MOST of the code that renders numbers uses the DisplayContext (via the to_string() methods) to convert the numbers into strings, such as the web interface and explicit text reports. But NOT ALL... there's a bit of HISTORY here... the SQL shell uses some old special-purpose code (https://bitbucket.org/blais/beancount/src/c349150908078720c7e5ee6bfda644b51ac9543e/src/python/beancount/query/query_render.py?at=default&fileviewer=file-view-default#query_render.py-166) to render numbers that I never bothered to convert to the DisplayContext class. There's a TODO item here:https://bitbucket.org/blais/beancount/src/c349150908078720c7e5ee6bfda644b51ac9543e/TODO?at=default&fileviewer=file-view-default#TODO-312. It needs to get converted at some point, but I've neglected doing this so far because I have much bigger plans for the SQL query engine that involve a full rewrite of it with many improvements and I figured I'd do that then. If you recall, the SQL query engine was a prototype, and actually it works, but it is not well covered by unit tests. My purpose with it was to discover through usage what would be useful and to then write a v2 of it that would be much better.

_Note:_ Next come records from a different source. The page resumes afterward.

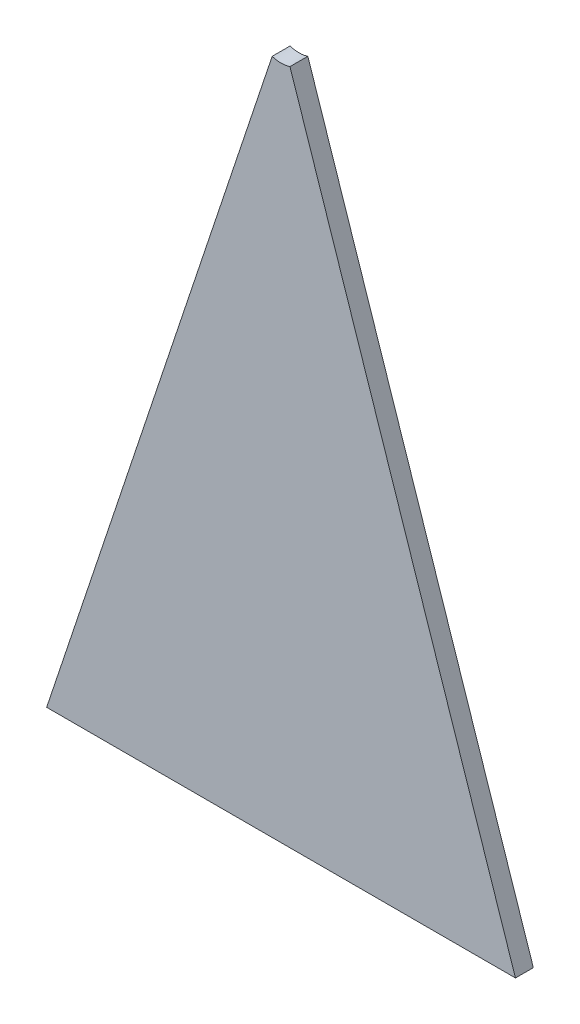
from build123d import *

# Parameters (mm, degrees)
BOSS_EXTRUDE1_DEPTH = 19.05


with BuildPart() as part:
    # Sketch1 → Boss-Extrude1 (new body)
    with BuildSketch(Plane.XY):
        with BuildLine():
            Line((0, 0), (240.513167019, 721.539501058))
            ThreePointArc((240.513167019, 721.539501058), (250, 720), (259.486832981, 721.539501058))
            Line((259.486832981, 721.539501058), (500, 0))
            Line((500, 0), (0, 0))
        make_face()
    extrude(amount=BOSS_EXTRUDE1_DEPTH)


solid = part.part
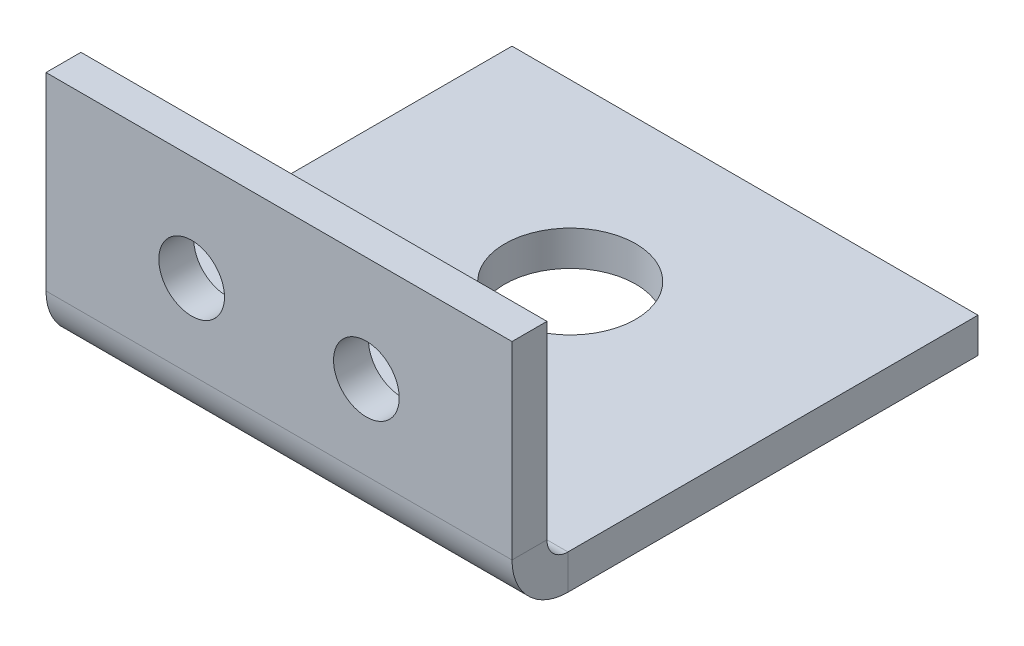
ISO-10303-21;
HEADER;
FILE_DESCRIPTION(('STEP AP214'),'2;1');
FILE_NAME('part.step','',(''),(''),'','','');
FILE_SCHEMA(('AUTOMOTIVE_DESIGN { 1 0 10303 214 1 1 1 1 }'));
ENDSEC;
DATA;
#1=APPLICATION_CONTEXT('core data for automotive mechanical design processes');
#2=APPLICATION_PROTOCOL_DEFINITION('international standard','automotive_design',2000,#1);
#3=PRODUCT_CONTEXT('',#1,'mechanical');
#4=PRODUCT('Part','Part','',(#3));
#5=PRODUCT_RELATED_PRODUCT_CATEGORY('part','',(#4));
#6=PRODUCT_DEFINITION_FORMATION('','',#4);
#7=PRODUCT_DEFINITION_CONTEXT('part definition',#1,'design');
#8=PRODUCT_DEFINITION('design','',#6,#7);
#9=PRODUCT_DEFINITION_SHAPE('','',#8);
#10=(LENGTH_UNIT() NAMED_UNIT(*) SI_UNIT(.MILLI.,.METRE.));
#11=(NAMED_UNIT(*) PLANE_ANGLE_UNIT() SI_UNIT($,.RADIAN.));
#12=(NAMED_UNIT(*) SI_UNIT($,.STERADIAN.) SOLID_ANGLE_UNIT());
#13=UNCERTAINTY_MEASURE_WITH_UNIT(LENGTH_MEASURE(1.E-05),#10,'distance_accuracy_value','');
#14=(GEOMETRIC_REPRESENTATION_CONTEXT(3) GLOBAL_UNCERTAINTY_ASSIGNED_CONTEXT((#13)) GLOBAL_UNIT_ASSIGNED_CONTEXT((#10,
#11,#12)) REPRESENTATION_CONTEXT('',''));
#15=CARTESIAN_POINT('',(0.,0.,0.));
#16=DIRECTION('',(0.,0.,1.));
#17=DIRECTION('',(1.,0.,0.));
#18=AXIS2_PLACEMENT_3D('',#15,#16,#17);
#19=CARTESIAN_POINT('',(12.7,3.048,0.));
#20=DIRECTION('',(1.,0.,0.));
#21=DIRECTION('',(0.,0.,-1.));
#22=AXIS2_PLACEMENT_3D('',#19,#20,#21);
#23=PLANE('',#22);
#24=DIRECTION('',(0.,0.,-1.));
#25=VECTOR('',#24,1.);
#26=CARTESIAN_POINT('',(12.7,3.048,0.));
#27=LINE('',#26,#25);
#28=CARTESIAN_POINT('',(12.7,3.048,0.));
#29=VERTEX_POINT('',#28);
#30=CARTESIAN_POINT('',(12.7,3.048,-1.905));
#31=VERTEX_POINT('',#30);
#32=EDGE_CURVE('E11',#29,#31,#27,.T.);
#33=ORIENTED_EDGE('',*,*,#32,.F.);
#34=CARTESIAN_POINT('',(12.7,3.048,-3.048));
#35=DIRECTION('',(-1.,0.,0.));
#36=DIRECTION('',(0.,0.,1.));
#37=AXIS2_PLACEMENT_3D('',#34,#35,#36);
#38=CIRCLE('',#37,3.048);
#39=CARTESIAN_POINT('',(12.7,0.,-3.048));
#40=VERTEX_POINT('',#39);
#41=EDGE_CURVE('E126',#29,#40,#38,.F.);
#42=ORIENTED_EDGE('',*,*,#41,.T.);
#43=DIRECTION('',(0.,-1.,0.));
#44=VECTOR('',#43,1.);
#45=CARTESIAN_POINT('',(12.7,1.905,-3.048));
#46=LINE('',#45,#44);
#47=CARTESIAN_POINT('',(12.7,1.905,-3.048));
#48=VERTEX_POINT('',#47);
#49=EDGE_CURVE('E44',#48,#40,#46,.T.);
#50=ORIENTED_EDGE('',*,*,#49,.F.);
#51=CARTESIAN_POINT('',(12.7,3.048,-3.048));
#52=DIRECTION('',(1.,0.,0.));
#53=DIRECTION('',(0.,0.,-1.));
#54=AXIS2_PLACEMENT_3D('',#51,#52,#53);
#55=CIRCLE('',#54,1.143);
#56=EDGE_CURVE('E133',#31,#48,#55,.T.);
#57=ORIENTED_EDGE('',*,*,#56,.F.);
#58=EDGE_LOOP('',(#33,#42,#50,#57));
#59=FACE_BOUND('',#58,.T.);
#60=ADVANCED_FACE('F36',(#59),#23,.T.);
#61=CARTESIAN_POINT('',(12.7,1.905,-3.048));
#62=DIRECTION('',(1.,0.,0.));
#63=DIRECTION('',(0.,0.,-1.));
#64=AXIS2_PLACEMENT_3D('',#61,#62,#63);
#65=PLANE('',#64);
#66=DIRECTION('',(0.,-1.,0.));
#67=VECTOR('',#66,1.);
#68=CARTESIAN_POINT('',(12.7,0.,0.));
#69=LINE('',#68,#67);
#70=CARTESIAN_POINT('',(12.7,13.3604,0.));
#71=VERTEX_POINT('',#70);
#72=EDGE_CURVE('E121',#71,#29,#69,.T.);
#73=ORIENTED_EDGE('',*,*,#72,.T.);
#74=ORIENTED_EDGE('',*,*,#32,.T.);
#75=DIRECTION('',(0.,1.,0.));
#76=VECTOR('',#75,1.);
#77=CARTESIAN_POINT('',(12.7,0.,-1.905));
#78=LINE('',#77,#76);
#79=CARTESIAN_POINT('',(12.7,13.3604,-1.905));
#80=VERTEX_POINT('',#79);
#81=EDGE_CURVE('E131',#80,#31,#78,.F.);
#82=ORIENTED_EDGE('',*,*,#81,.F.);
#83=DIRECTION('',(0.,0.,-1.));
#84=VECTOR('',#83,1.);
#85=CARTESIAN_POINT('',(12.7,13.3604,0.));
#86=LINE('',#85,#84);
#87=EDGE_CURVE('E112',#71,#80,#86,.T.);
#88=ORIENTED_EDGE('',*,*,#87,.F.);
#89=EDGE_LOOP('',(#73,#74,#82,#88));
#90=FACE_BOUND('',#89,.T.);
#91=ADVANCED_FACE('F129',(#90),#65,.T.);
#92=CARTESIAN_POINT('',(-12.7,0.,-3.048));
#93=DIRECTION('',(-1.,0.,0.));
#94=DIRECTION('',(0.,0.,1.));
#95=AXIS2_PLACEMENT_3D('',#92,#93,#94);
#96=PLANE('',#95);
#97=DIRECTION('',(0.,1.,0.));
#98=VECTOR('',#97,1.);
#99=CARTESIAN_POINT('',(-12.7,0.,-3.048));
#100=LINE('',#99,#98);
#101=CARTESIAN_POINT('',(-12.7,0.,-3.048));
#102=VERTEX_POINT('',#101);
#103=CARTESIAN_POINT('',(-12.7,1.905,-3.048));
#104=VERTEX_POINT('',#103);
#105=EDGE_CURVE('E87',#102,#104,#100,.T.);
#106=ORIENTED_EDGE('',*,*,#105,.F.);
#107=CARTESIAN_POINT('',(-12.7,3.048,-3.048));
#108=DIRECTION('',(-1.,0.,0.));
#109=DIRECTION('',(0.,0.,1.));
#110=AXIS2_PLACEMENT_3D('',#107,#108,#109);
#111=CIRCLE('',#110,3.048);
#112=CARTESIAN_POINT('',(-12.7,3.048,0.));
#113=VERTEX_POINT('',#112);
#114=EDGE_CURVE('E156',#113,#102,#111,.F.);
#115=ORIENTED_EDGE('',*,*,#114,.F.);
#116=DIRECTION('',(0.,0.,1.));
#117=VECTOR('',#116,1.);
#118=CARTESIAN_POINT('',(-12.7,3.048,-1.905));
#119=LINE('',#118,#117);
#120=CARTESIAN_POINT('',(-12.7,3.048,-1.905));
#121=VERTEX_POINT('',#120);
#122=EDGE_CURVE('E80',#121,#113,#119,.T.);
#123=ORIENTED_EDGE('',*,*,#122,.F.);
#124=CARTESIAN_POINT('',(-12.7,3.048,-3.048));
#125=DIRECTION('',(1.,0.,0.));
#126=DIRECTION('',(0.,0.,-1.));
#127=AXIS2_PLACEMENT_3D('',#124,#125,#126);
#128=CIRCLE('',#127,1.143);
#129=EDGE_CURVE('E149',#121,#104,#128,.T.);
#130=ORIENTED_EDGE('',*,*,#129,.T.);
#131=EDGE_LOOP('',(#106,#115,#123,#130));
#132=FACE_BOUND('',#131,.T.);
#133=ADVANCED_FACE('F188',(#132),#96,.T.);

Now, about that PRINT command... this is not intended as a reporting tool. The printer's purpose is to print input that accurately represents the content of the transactions. In order to do this, it needs to render the numbers at their "natural" precision, so that when they get read back in, they parse into the very same number, that is, with the same number of digits (even if zeros). For this reason, the PRINT command does not attempt to render using the DisplayContext instance derived from the input file - this is on purpose. I could change that, but then round-trip would break: the rounding resulting from formatting using the display context may output transactions which don't balance anymore.

As you can see, it's not an obvious topic... Hopefully this should allow you to understand what comes out of Beancount in terms of the precision of the numbers it renders.

Note: "default_tolerances" has been renamed to "inferred_tolerance_default" recently because the name was too general and confusing. Old name will work but generate a warning.

I just noticed from your comments and some grepping around that the "render_commas" option is not used anymore. I'm not sure how that happened, but I'll go ad fix that right away and set the default value of the DisplayContext derived from the input.

I should probably also convert the SQL shell rendering to use the display context regardless of future plans, so that it renders consistently with all the rest. Not sure I can do that this weekend, but I'll log a ticket.

https://bitbucket.org/blais/beancount/issues/105/context-the-query-rendering-routines-to

I hope this helps. You're welcome to ask questions if the above isn't clear. I'm sorry if this isn't entirely obvious... there's been a fair bit of history there and there's a lot of code. I should review the naming of options, I think the tolerance options all have "tolerance" in their name, but there aren't options to override the rendering and when I add them they should all have a common name as well.

Further Reading

What Every Computer Scientist Should Know About Floating-Point Arithmetic


  1. This stands in contrast to Ledger which attempts to infer the precision based on other transactions recently parsed in the file, in file order. This has the unfortunate effect of creating “cross-talk” between the transactions in terms of what precision can be used. 

  2. Note that due to the way Beancount represents numbers internally, it is also not able to distinguish between “230” and “230.”; these parse into the same representation for Beancount. Therefore, we are not able to use that distinction in the input to support a precision of 0.5.